# Moving into a flat with an outdoor cat



## Simsim123 (Aug 14, 2016)

Hi everyone,

I am in a struggle. I have a 4 year old female cat which I have had since she was 16 weeks old. She has moved houses with me and my family 3 times so far and has been quite fine with moving and she's very happy to go out and explore the outside (she loves being outside!) first when I got Simsim she got pregnant and had kittens, she raised her kittens to roughly 12 weeks old then the kittens were rehomed and Simsim was spayed. She's very affectionate cat and comes running home when she's called.

My dilemma is- I am getting married end of August and moving out of my parents house and into a first floor flat with my partner. My plan was to leave her with my parents as she's used to the house and loves sitting in the garden. However my parents are also having to move into a smaller place which will possibly be a flat. In this case Simsim will either have to move in with me and my partner or with my parents.

How could I train her to be an indoor cat? Giving her away isn't an option- please can someone advice me which would be the best way to go about training Simsim to be happy in a flat when she loves the outdoors. She has used a litter before when she I first got her so I'm sure she can use it again.

How can I train her to be happy? ☹


----------



## Lurcherlad (Jan 5, 2013)

Presumably you work, but are you parents around more, possibly retired?

If so, perhaps the cat would be better off with them as she will have more company. Important if she can no longer go out. They could possibly train her to a harness for some outside time.

There are lots of toys and climbing frames, etc. that you can buy to enrich her life but she will need lots more human attention to keep her content.

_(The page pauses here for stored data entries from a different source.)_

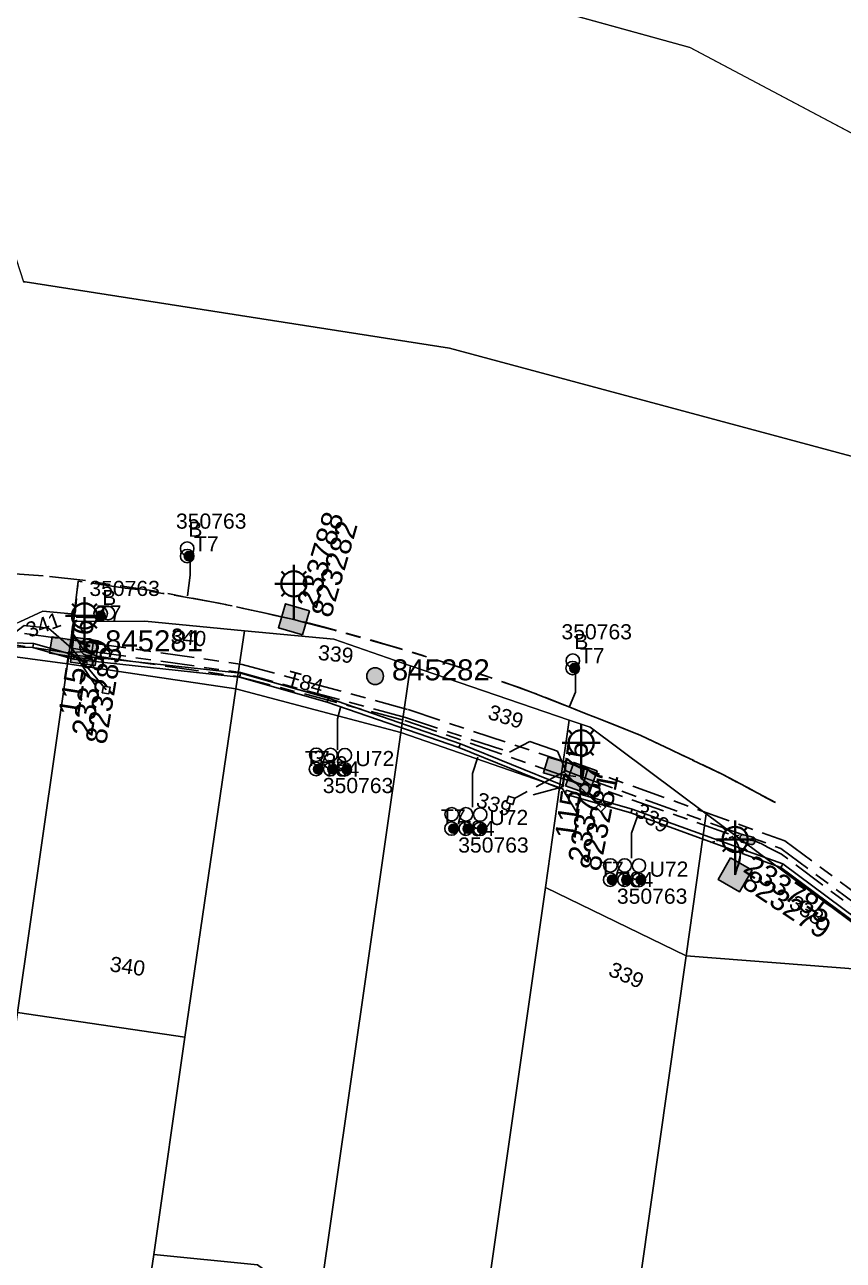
# Model space of a CAD drawing. Header units: metres. Extents: x 259786 to 261372, y 6264838 to 6265913.
# Drawn here: x 260743.1 to 260840.6, y 6265464.8 to 6265611.9 of the extents above; entities that cross this region are included whole.
import ezdxf
from ezdxf.enums import TextEntityAlignment as Align

# ---------------------------------------------------------------- set-up
doc = ezdxf.new("R2010")
doc.units = ezdxf.units.M
doc.linetypes.add('Cable Exist UG', pattern=[8.2, 4, -1.2, 1.8, -1.2])
doc.linetypes.add('DASHED', pattern=[0.75, 0.5, -0.25])
doc.layers.get('0').update_dxf_attribs({"color": 6})
doc.layers.add('Cadastre Land Parcels_SP_EXT', color=9, linetype='Continuous', lineweight=5)
doc.layers.add('Cadastre Roads_SP_EXT', color=9, linetype='Continuous', lineweight=5)
for name, color, linetype in [('Duct_SP_EXT', 7, 'Continuous'), ('Equip_SL_EXT', 7, 'Continuous'), ('Equip_SP_SL_EXT', 7, 'Continuous'), ('Mains_HV_EXT', 7, 'Continuous'), ('Mains_LV_EXT', 7, 'Continuous'), ('Mains_SL_EXT', 7, 'Continuous'), ('Services_SP_EXT', 7, 'Continuous'), ('SupportsOH_SP_TR_HV_LV_SL_EXT', 7, 'Continuous'), ('SupportsUG_SP_LV_EXT', 7, 'Continuous'), ('SupportsUG_SP_LV_SL_EXT', 7, 'Continuous'), ('Trench_SP_EXT', 7, 'Continuous')]:
    doc.layers.add(name, color=color, linetype=linetype)
doc.layers.add('UNKNOWN_FEATURES', color=1, linetype='DASHED', plot=False)
doc.styles.add('COLUMN_LABEL', font='arial.ttf')
doc.styles.add('iecARIAL', font='arial.ttf', dxfattribs={"height": 2})
doc.styles.add('POLE_LABEL', font='arial.ttf')
doc.styles.get("Standard").update_dxf_attribs({"font": 'arial.ttf'})

# ---------------------------------------------------------------- blocks, each defined once
blk = doc.blocks.new('COLUMN_EXT')
blk.add_hatch(color=256).paths.add_polyline_path([(-1.49, 1.48), (-1.49, -1.49), (1.48, -1.49), (1.48, 1.48)])
blk.add_lwpolyline([(-1.49, -1.49), (1.48, -1.49), (1.48, 1.48), (-1.49, 1.48)], close=True)
for tag, height, style, flags, p in [('ASSET_NUM', 2.5, 'COLUMN_LABEL', 8, (2, 2)), ('STRUCTURE_PLANT_NUMBER', 0.2, 'POLE_LABEL', 9, (1.81, 0.03)), ('STREET_CODE', 0.2, 'COLUMN_LABEL', 9, (1.81, -0.2))]:
    blk.add_attdef(tag, text='', height=height, dxfattribs=dict(style=style, flags=flags)).set_placement(p, align=Align.MIDDLE_LEFT)
at = {"flags": 9}
for tag, p in [('COLUMN_TYPE', (1.81, -0.4)), ('OWNED_BY', (1.81, -0.6)), ('STATE', (1.81, -0.8)), ('USAGE', (1.81, -1)), ('LEGEND', (1.81, -1.2)), ('LOCATION', (1.81, -1.4)), ('STREETNAME', (1.81, -1.6)), ('SUBURB', (1.81, -1.8)), ('NOTES', (1.81, -2))]:
    blk.add_attdef(tag, text='', height=0.2, dxfattribs=at).set_placement(p, align=Align.MIDDLE_LEFT)
at = {"flags": 1}
blk.add_attdef('Z', (1.81, -2.35), '', height=0.2, dxfattribs=at)
blk = doc.blocks.new('PILLAR_EXT')
blk.add_hatch(color=256).paths.add_polyline_path([(-2.475, 0.99), (-2.475, -0.99), (2.475, -0.99), (2.475, 0.99)])
blk.add_lwpolyline([(-2.475, -0.99), (2.475, -0.99), (2.475, 0.99), (-2.475, 0.99)], close=True)
at = {"style": 'iecARIAL', "flags": 8}
blk.add_attdef('ASSET_NUM', (1.5, 3.5), '', height=2.5, dxfattribs=at)
for tag, p, flags in [('OWNED_BY', (0, -0.2), 9), ('STATE', (0, -0.4), 9), ('SUPPORT_TYPE', (0, -0.6), 9), ('USAGE', (0, -0.8), 9), ('LEGEND', (0, -1), 9), ('LOCATION', (0, -1.2), 9), ('NOTES', (0, -1.4), 9), ('PARENT', (0, -1.6), 9), ('STREETNAME', (0, -1.8), 9), ('SUBURB', (0, -2), 1)]:
    blk.add_attdef(tag, p, '', height=0.2, dxfattribs=dict(flags=flags))
blk = doc.blocks.new('DUCT_EXT')
blk.add_circle((0, 0.8), 0.8)
at = {"flags": 1}
blk.add_attdef('Z', (0, 0), '', height=0.2, dxfattribs=at)
at = {"flags": 9}
for tag, p in [('DUCT_CODE', (0, 0)), ('XSECT_TYPE', (0, -0.2)), ('STATE', (0, -0.6)), ('FB_REFERENCE', (0, -0.4)), ('NOTES', (0, -0.8))]:
    blk.add_attdef(tag, text='', height=0.2, dxfattribs=at).set_placement(p, align=Align.MIDDLE_LEFT)
blk = doc.blocks.new('SL_LANTERN_EXT')
at = {"lineweight": 40}
for p, q in [((0, 1.97), (0, 6.47)), ((-1.46, 5.68), (-1.06, 5.28)), ((1.46, 5.68), (1.06, 5.28)), ((-2.25, 4.22), (2.25, 4.22)), ((-1.46, 2.76), (-1.06, 3.16)), ((1.46, 2.76), (1.06, 3.16)), ((0, 0), (0, 2.72))]:
    blk.add_line(p, q, dxfattribs=at)
blk.add_circle((0, 4.22), 1.5, dxfattribs=at)
at = {"style": 'iecARIAL', "flags": 8}
blk.add_attdef('ASSET_NUM', (1.5, 1.5), '', height=2.5, dxfattribs=at)
for tag, p, height, flags in [('OPERATING_VOLTAGE', (0.98, -1.65), 0.2, 9), ('CONSTRUCTED_VOLTAGE', (0.98, -0.65), 0.2, 9), ('CONTROL_TYPE', (0.98, -0.85), 0.2, 9), ('LANTERN_PURPOSE', (0.98, -1.05), 0.2, 9), ('LANTERN_TYPE', (0.98, -1.25), 0.2, 9), ('NO_PHASES', (0.98, -1.45), 0.2, 9), ('LNUMBER', (2.18, -3.25), 2.5, 8), ('ORIENTATION', (0.98, -1.85), 0.2, 9), ('OWNED_BY', (0.98, -2.05), 0.2, 9), ('STATE', (0.98, -2.25), 0.2, 9), ('USAGE', (0.98, -2.45), 0.2, 9), ('CEXIST', (0.98, -2.65), 0.2, 9), ('CNEW', (0.98, -2.85), 0.2, 9), ('CNUMBER', (0.98, -3.05), 0.2, 9), ('CREMOVE', (0.98, -3.25), 0.2, 9), ('CREPLACE', (0.98, -3.45), 0.2, 9), ('LKINGHEIGHT', (0.98, -3.65), 0.2, 9), ('LBRACKET', (0.98, -3.85), 0.2, 9), ('LBRACKETVOCAB', (0.98, -4.05), 0.2, 9), ('LCATEGORY', (0.98, -4.25), 0.2, 9), ('LCHARGE1', (0.98, -4.45), 0.2, 9), ('LCHARGE1PERCENT', (0.98, -4.65), 0.2, 9), ('LCHARGE2', (0.98, -4.85), 0.2, 9), ('LCHARGE2PERCENT', (0.98, -5.05), 0.2, 9), ('LCHARGE3', (0.98, -5.25), 0.2, 9), ('LCHARGE3PERCENT', (0.98, -5.45), 0.2, 9), ('LEXIST', (0.98, -5.65), 0.2, 9), ('LLAMP', (0.98, -5.85), 0.2, 9), ('LLAMPVOCAB', (0.98, -6.05), 0.2, 9), ('LMAST', (0.98, -6.25), 0.2, 9), ('LMASTVOCAB', (0.98, -6.45), 0.2, 9), ('LNEW', (0.98, -6.65), 0.2, 9), ('LANTNUMBER', (0.98, -6.85), 0.2, 9), ('LOUTREACH', (0.98, -7.25), 0.2, 9), ('LOUTREACHVOCAB', (0.98, -7.45), 0.2, 9), ('LRATECODE', (0.98, -7.65), 0.2, 9), ('LREMOVE', (0.98, -7.85), 0.2, 9), ('LREPLACE', (0.98, -8.05), 0.2, 9), ('LTYPE', (0.98, -8.25), 0.2, 9), ('LTYPEVOCAB', (0.98, -8.45), 0.2, 9), ('LEGEND', (0.98, -8.65), 0.2, 9), ('LOCATION', (0.98, -8.85), 0.2, 9), ('STREETNAME', (0.98, -9.25), 0.2, 9), ('SUBURB', (0.98, -9.45), 0.2, 1), ('NOTES', (0.98, -9.05), 0.2, 9)]:
    blk.add_attdef(tag, p, '', height=height, dxfattribs=dict(flags=flags))
blk = doc.blocks.new('CCP_EXT')
at = {"flags": 9}
for tag, p in [('STATE', (0, -1.8)), ('LIFE_SUPPORT', (0, -1.6)), ('NOTES', (0, -2))]:
    blk.add_attdef(tag, text='', height=0.2, dxfattribs=at).set_placement(p, align=Align.MIDDLE_LEFT)
blk.add_wipeout([(0, 0.57), (0.57, 0), (0, -0.57), (-0.57, 0)])
blk.add_lwpolyline([(-0.57, 0), (0, 0.57), (0.57, 0), (0, -0.57), (-0.57, 0)])
at = {"flags": 1}
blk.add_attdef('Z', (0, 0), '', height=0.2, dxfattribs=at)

Unfortunately, there are no guarantees she will settle as she has always had the freedom to go out and may never adapt.

If you/they could find a ground floor flat (away from busy roads) that may be a fair compromise.


----------



## CaptainPhasma (Aug 11, 2016)

Is it too busy the location of your flat, because my o/h's brother lives in a flat, and he's been telling us about a cat that lives in his apartment block, her owners let her out and she's learnt to hang about at the entrance to the flats for people entering or leaving and she makes her way through the door and up to her apartment then, they have a box with a bed in at their own front door incase they are out.
She has made friends with lots of the resident's too, visiting a few of them in the day.
Also if she comes back when you call perhaps only let her out at times you could be about to call her back. x


----------



## Simsim123 (Aug 14, 2016)

Lurcherlad said:


> Presumably you work, but are you parents around more, possibly retired?
> 
> If so, perhaps the cat would be better off with them as she will have more company. Important if she can no longer go out. They could possibly train her to a harness for some outside time.
> 
> ...


Thank you for the reply! Yes defiantly my parents would be home a lot more than I am, I'm a teacher and I would be out of the house from early morning to early evening. Hopefully my parents are able to find a ground floor flat otherwise I will have to find a way to keep her happy in a flat ☹ Thank you for the advice!


----------



## Simsim123 (Aug 14, 2016)

CaptainPhasma said:


> Is it too busy the location of your flat, because my o/h's brother lives in a flat, and he's been telling us about a cat that lives in his apartment block, her owners let her out and she's learnt to hang about at the entrance to the flats for people entering or leaving and she makes her way through the door and up to her apartment then, they have a box with a bed in at their own front door incase they are out.
> She has made friends with lots of the resident's too, visiting a few of them in the day.
> Also if she comes back when you call perhaps only let her out at times you could be about to call her back. x


Thank you for the reply! It is fairly busy- it's a car park for the flat on one side of the building and on the other it's a road. It's definitely an idea of letting her out and then calling her back in- just hope she doesn't get too sad ☹


----------